*EXERCISE INSTRUCTIONS*:
Repeat exactly the lines that run from the one containing "Display1 : Display" to the end of the data, and leave out all others.

*Collection entries*:
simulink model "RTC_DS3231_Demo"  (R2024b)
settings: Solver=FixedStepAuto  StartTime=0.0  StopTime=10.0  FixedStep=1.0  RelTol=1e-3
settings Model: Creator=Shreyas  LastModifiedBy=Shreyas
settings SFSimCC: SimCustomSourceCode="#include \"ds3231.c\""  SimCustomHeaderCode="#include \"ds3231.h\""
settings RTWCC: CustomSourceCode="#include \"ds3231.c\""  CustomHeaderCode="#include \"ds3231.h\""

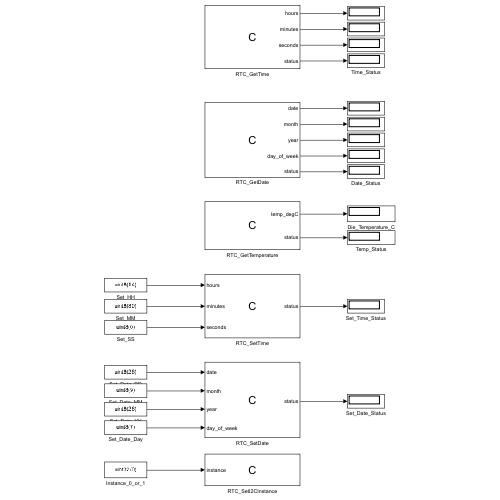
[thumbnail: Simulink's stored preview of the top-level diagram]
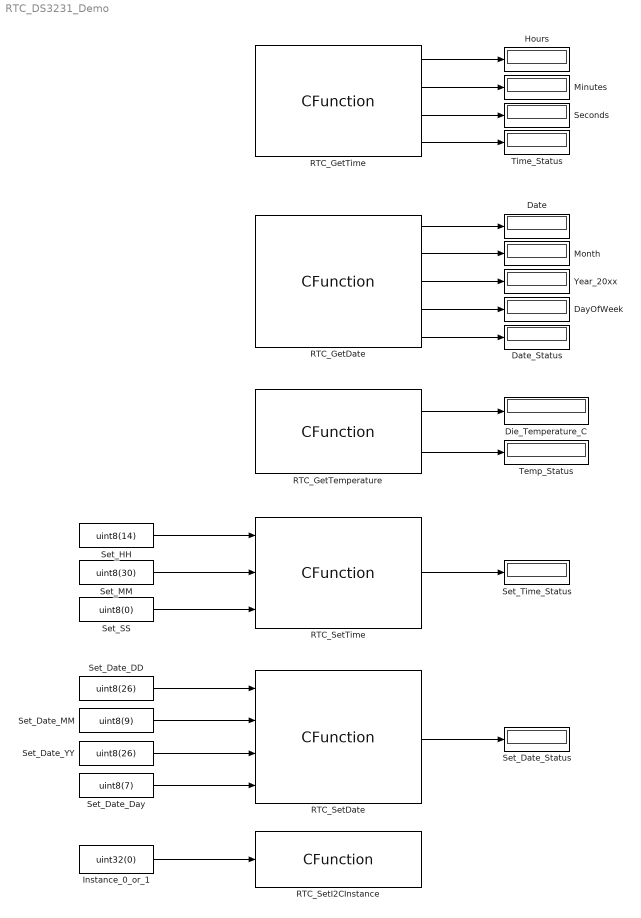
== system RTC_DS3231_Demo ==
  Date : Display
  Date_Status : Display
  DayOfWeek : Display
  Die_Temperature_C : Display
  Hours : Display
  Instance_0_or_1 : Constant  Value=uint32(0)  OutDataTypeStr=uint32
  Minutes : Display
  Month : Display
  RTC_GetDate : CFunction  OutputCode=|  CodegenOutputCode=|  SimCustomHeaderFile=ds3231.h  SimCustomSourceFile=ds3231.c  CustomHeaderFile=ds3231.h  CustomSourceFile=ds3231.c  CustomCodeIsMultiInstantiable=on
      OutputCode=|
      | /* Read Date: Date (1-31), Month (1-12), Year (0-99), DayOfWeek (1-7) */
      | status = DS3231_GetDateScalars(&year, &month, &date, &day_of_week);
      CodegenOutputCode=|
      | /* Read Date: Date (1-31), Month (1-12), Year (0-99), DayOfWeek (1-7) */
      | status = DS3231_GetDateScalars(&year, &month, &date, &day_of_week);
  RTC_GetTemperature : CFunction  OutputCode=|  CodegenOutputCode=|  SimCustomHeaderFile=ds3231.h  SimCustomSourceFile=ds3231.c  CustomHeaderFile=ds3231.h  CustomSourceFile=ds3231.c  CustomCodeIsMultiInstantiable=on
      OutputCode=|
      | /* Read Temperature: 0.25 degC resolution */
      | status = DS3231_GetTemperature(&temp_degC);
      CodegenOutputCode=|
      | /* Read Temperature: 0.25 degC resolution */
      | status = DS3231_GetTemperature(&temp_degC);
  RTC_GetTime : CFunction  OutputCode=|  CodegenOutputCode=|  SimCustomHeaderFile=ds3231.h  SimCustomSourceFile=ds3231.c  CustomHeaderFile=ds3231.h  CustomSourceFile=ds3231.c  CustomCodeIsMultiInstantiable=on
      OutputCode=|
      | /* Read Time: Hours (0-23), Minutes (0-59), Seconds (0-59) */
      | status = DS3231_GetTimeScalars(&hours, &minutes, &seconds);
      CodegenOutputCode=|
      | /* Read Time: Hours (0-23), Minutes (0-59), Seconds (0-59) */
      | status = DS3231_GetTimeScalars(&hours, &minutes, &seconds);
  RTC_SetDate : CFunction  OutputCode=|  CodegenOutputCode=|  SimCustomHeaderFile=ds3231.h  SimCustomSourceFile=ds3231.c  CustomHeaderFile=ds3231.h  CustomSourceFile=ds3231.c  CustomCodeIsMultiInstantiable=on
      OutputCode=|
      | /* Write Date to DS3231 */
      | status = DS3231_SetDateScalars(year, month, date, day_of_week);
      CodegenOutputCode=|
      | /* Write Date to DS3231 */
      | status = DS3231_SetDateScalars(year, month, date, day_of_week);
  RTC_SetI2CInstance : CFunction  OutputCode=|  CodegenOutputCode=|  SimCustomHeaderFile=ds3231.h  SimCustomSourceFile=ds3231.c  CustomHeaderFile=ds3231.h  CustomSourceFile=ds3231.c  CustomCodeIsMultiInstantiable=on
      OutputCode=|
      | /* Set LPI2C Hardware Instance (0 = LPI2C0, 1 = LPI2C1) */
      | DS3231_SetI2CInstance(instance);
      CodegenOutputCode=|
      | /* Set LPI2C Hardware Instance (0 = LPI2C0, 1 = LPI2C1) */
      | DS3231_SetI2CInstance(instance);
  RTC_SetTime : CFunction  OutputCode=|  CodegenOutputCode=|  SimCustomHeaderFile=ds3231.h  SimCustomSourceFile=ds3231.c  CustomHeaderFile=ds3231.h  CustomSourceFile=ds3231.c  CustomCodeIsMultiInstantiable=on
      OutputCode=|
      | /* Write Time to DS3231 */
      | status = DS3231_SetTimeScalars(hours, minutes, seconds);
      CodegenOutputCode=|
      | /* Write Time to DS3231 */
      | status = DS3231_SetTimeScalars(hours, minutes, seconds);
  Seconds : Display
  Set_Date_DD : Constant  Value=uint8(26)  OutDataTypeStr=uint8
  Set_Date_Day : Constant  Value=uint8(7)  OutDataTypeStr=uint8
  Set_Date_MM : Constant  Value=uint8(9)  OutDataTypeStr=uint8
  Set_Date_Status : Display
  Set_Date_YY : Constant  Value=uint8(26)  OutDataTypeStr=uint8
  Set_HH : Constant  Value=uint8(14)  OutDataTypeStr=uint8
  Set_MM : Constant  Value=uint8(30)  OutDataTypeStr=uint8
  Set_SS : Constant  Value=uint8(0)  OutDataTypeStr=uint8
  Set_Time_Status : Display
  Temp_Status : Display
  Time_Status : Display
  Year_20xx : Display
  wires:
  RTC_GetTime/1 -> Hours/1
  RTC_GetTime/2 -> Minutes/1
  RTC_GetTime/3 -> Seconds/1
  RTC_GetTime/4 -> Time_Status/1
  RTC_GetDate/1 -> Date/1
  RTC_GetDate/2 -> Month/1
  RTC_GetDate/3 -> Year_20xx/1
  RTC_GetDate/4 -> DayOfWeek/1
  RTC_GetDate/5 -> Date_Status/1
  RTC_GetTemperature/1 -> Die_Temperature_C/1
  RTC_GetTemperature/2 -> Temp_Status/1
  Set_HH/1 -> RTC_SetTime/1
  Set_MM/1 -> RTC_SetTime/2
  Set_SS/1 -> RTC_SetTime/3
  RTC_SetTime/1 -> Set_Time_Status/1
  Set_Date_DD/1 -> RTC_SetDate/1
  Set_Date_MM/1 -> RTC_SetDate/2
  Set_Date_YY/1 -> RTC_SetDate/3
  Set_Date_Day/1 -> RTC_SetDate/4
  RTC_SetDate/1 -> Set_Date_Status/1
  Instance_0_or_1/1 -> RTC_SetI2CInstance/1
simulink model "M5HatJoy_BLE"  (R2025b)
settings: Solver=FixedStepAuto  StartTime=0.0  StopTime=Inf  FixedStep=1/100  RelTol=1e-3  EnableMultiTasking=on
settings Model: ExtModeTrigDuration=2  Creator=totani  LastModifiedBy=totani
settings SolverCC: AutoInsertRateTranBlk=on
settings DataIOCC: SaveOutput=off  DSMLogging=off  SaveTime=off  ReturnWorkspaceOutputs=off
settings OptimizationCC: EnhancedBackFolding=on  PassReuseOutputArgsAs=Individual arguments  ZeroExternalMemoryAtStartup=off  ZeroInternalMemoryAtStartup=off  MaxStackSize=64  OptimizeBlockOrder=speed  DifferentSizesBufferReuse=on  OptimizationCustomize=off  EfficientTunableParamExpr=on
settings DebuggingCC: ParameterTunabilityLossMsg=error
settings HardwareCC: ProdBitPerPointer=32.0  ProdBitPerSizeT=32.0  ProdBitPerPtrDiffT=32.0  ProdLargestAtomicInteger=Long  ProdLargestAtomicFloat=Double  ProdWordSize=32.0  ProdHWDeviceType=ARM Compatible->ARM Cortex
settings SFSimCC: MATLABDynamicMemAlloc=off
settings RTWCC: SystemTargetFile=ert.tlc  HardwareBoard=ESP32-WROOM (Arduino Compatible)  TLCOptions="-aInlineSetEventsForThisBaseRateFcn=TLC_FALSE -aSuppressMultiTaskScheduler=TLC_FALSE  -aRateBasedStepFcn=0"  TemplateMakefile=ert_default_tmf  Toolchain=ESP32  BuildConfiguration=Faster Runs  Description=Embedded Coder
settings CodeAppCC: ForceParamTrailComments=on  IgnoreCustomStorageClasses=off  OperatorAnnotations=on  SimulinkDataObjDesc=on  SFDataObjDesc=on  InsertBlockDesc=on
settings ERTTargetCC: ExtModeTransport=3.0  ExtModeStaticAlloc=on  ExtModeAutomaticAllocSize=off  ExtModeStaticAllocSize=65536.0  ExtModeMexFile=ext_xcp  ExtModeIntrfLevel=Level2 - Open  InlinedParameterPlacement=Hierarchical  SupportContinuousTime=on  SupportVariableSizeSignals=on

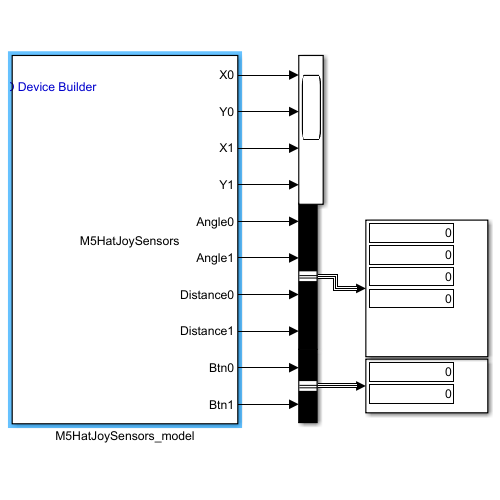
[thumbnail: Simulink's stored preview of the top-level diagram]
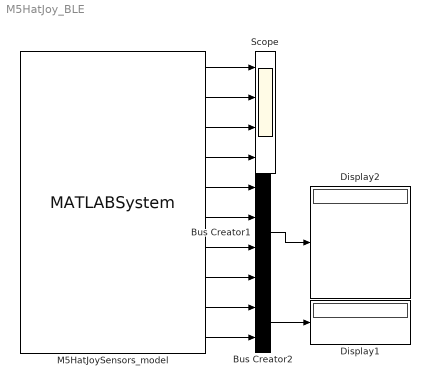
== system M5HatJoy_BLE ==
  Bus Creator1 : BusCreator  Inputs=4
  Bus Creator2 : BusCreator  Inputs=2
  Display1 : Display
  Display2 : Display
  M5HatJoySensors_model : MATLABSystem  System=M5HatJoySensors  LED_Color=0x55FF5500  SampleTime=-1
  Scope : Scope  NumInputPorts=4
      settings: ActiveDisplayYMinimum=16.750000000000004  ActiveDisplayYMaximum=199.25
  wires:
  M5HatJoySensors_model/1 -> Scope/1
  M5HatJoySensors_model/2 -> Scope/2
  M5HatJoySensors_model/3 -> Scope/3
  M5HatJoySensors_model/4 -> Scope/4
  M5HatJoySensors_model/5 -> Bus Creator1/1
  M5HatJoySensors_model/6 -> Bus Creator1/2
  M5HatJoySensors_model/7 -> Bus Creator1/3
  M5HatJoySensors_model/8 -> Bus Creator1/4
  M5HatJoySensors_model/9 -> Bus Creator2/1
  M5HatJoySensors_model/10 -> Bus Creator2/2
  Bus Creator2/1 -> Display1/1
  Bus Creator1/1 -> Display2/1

*TASK OUTPUT*:
  Display1 : Display
  Display2 : Display
  M5HatJoySensors_model : MATLABSystem  System=M5HatJoySensors  LED_Color=0x55FF5500  SampleTime=-1
  Scope : Scope  NumInputPorts=4
      settings: ActiveDisplayYMinimum=16.750000000000004  ActiveDisplayYMaximum=199.25
  wires:
  M5HatJoySensors_model/1 -> Scope/1
  M5HatJoySensors_model/2 -> Scope/2
  M5HatJoySensors_model/3 -> Scope/3
  M5HatJoySensors_model/4 -> Scope/4
  M5HatJoySensors_model/5 -> Bus Creator1/1
  M5HatJoySensors_model/6 -> Bus Creator1/2
  M5HatJoySensors_model/7 -> Bus Creator1/3
  M5HatJoySensors_model/8 -> Bus Creator1/4
  M5HatJoySensors_model/9 -> Bus Creator2/1
  M5HatJoySensors_model/10 -> Bus Creator2/2
  Bus Creator2/1 -> Display1/1
  Bus Creator1/1 -> Display2/1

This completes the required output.